The FDA turned down the closely watched eye med because of manufacturing problems the agency spotted at a third-party drug filler, Regeneron said in a release.
The FDA didn’t flag any issues with the med’s efficacy and safety or its labeling and drug substance manufacturing and didn’t request additional clinical data, the company said.
In a race against Roche’s Vabysmo, Regeneron and its partner Bayer’s application for the 8 mg Eylea (aflibercept) version was accepted in February, hoping for approval in wet age-related macular degeneration, diabetic macular edema and diabetic retinopathy.
Despite the hurdle, Regeneron remains “committed to working closely with the FDA and the third-party filler” to introduce the high-dose drug, the company said.
A Regeneron spokesperson declined to comment on the identity of the filler or where it’s located.
Elsewhere, the FDA recently published a Form 483 against an Eli Lilly plant in Indianapolis after an inspection in October. FDA staffers cited deficiencies at the facility’s drug filling lines. The agency in April also rejected Lilly’s ulcerative colitis prospect mirikizumab over manufacturing-related shortfalls.
High-dose Eylea has shown stellar efficacy results, which analysts from RBC Capital Markets in September said will “likely support approvability and some degree of market conversion to high dose Eylea.”
Regeneron released new two-year data on the high-dose version almost simultaneously with the complete response letter announcement. The trial showed that 89% of patients given a dose intended to last 12 weeks maintained that schedule through the two years, while 83% assigned to the 16-week schedule maintained that regimen. By the end of two years, 43% of patients met the bar for a dosing interval that lasts over 20 weeks.

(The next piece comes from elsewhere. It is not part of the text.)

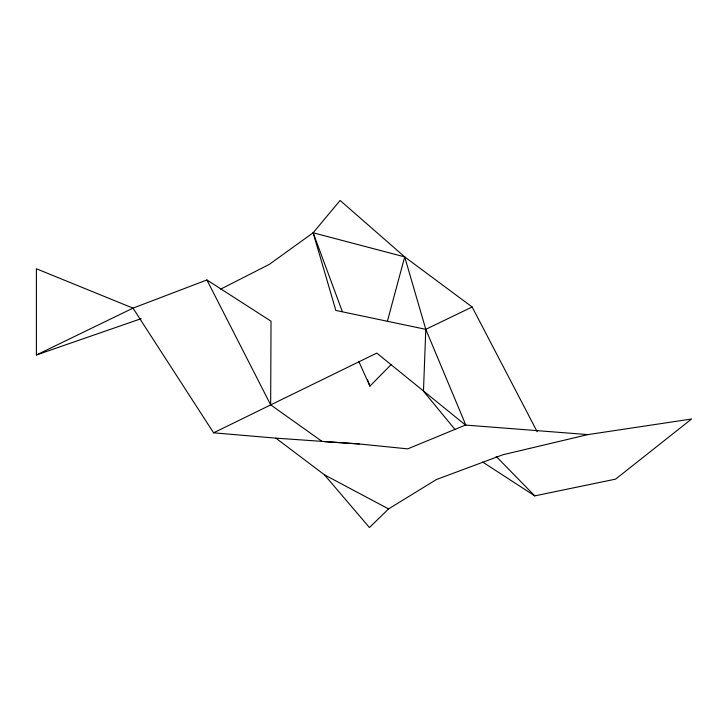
<?xml version="1.0" encoding="UTF-8"?>
<svg xmlns="http://www.w3.org/2000/svg" width="728" height="728" viewBox="0 0 728 728"><rect width="100%" height="100%" fill="white"/><g stroke="black" fill="none" stroke-linecap="round" stroke-linejoin="round"><path stroke-width="1.09" d="M322.186 441.514L270.661 404.832L271.025 321.194L206.898 279.952L132.996 308.135L36.4 354.991L36.4 268.778L132.996 308.135L213.586 432.814L275.885 438.147L359.186 443.962L407.726 448.867L465.492 425.061L587.896 434.598L691.6 419.01L615.597 479.133L534.78 495.877L482.637 462.025M220.684 289.125L269.278 264.401L313.14 232.778L340.113 200.446L404.704 256.902L425.789 329.329L423.469 391.164L454.973 429.456M387.314 321.521L404.704 256.902L313.14 232.778L335.826 310.437L425.789 329.329L472.144 306.979L537.191 431.731M358.713 361.252L369.924 386.14L391.173 364.537M587.896 434.598L502.83 454.782L436.381 479.552L388.561 508.908L369.451 527.554L324.479 474.829L275.885 438.147M213.586 432.814L376.758 353.089L465.492 425.061M36.4 354.991L141.177 318.664M324.433 441.659L359.186 443.962M324.479 474.829L388.561 508.908M404.704 256.902L472.144 306.979M496.196 456.447L534.78 495.877M206.898 279.952L270.661 404.832M425.789 329.329L465.92 425.316M313.14 232.778L342.324 311.584M367.558 379.743L369.924 386.14"/></g></svg>

High-dose Eylea is “the first to demonstrate that patients with diabetic macular edema can immediately be treated with every 12- or 16-week dosing after their initial monthly doses and experience lasting vision control,” said Regeneron’s president and chief scientific officer George Yancopoulos, M.D., Ph.D.
The new data could give Eylea an edge on Vabysmo, setting it up for a heated market battle once Regeneron sorts out the manufacturing hiccups. The high-dose version is still under review in Europe and Japan, with planned submissions in additional countries, Regeneron noted in its statement.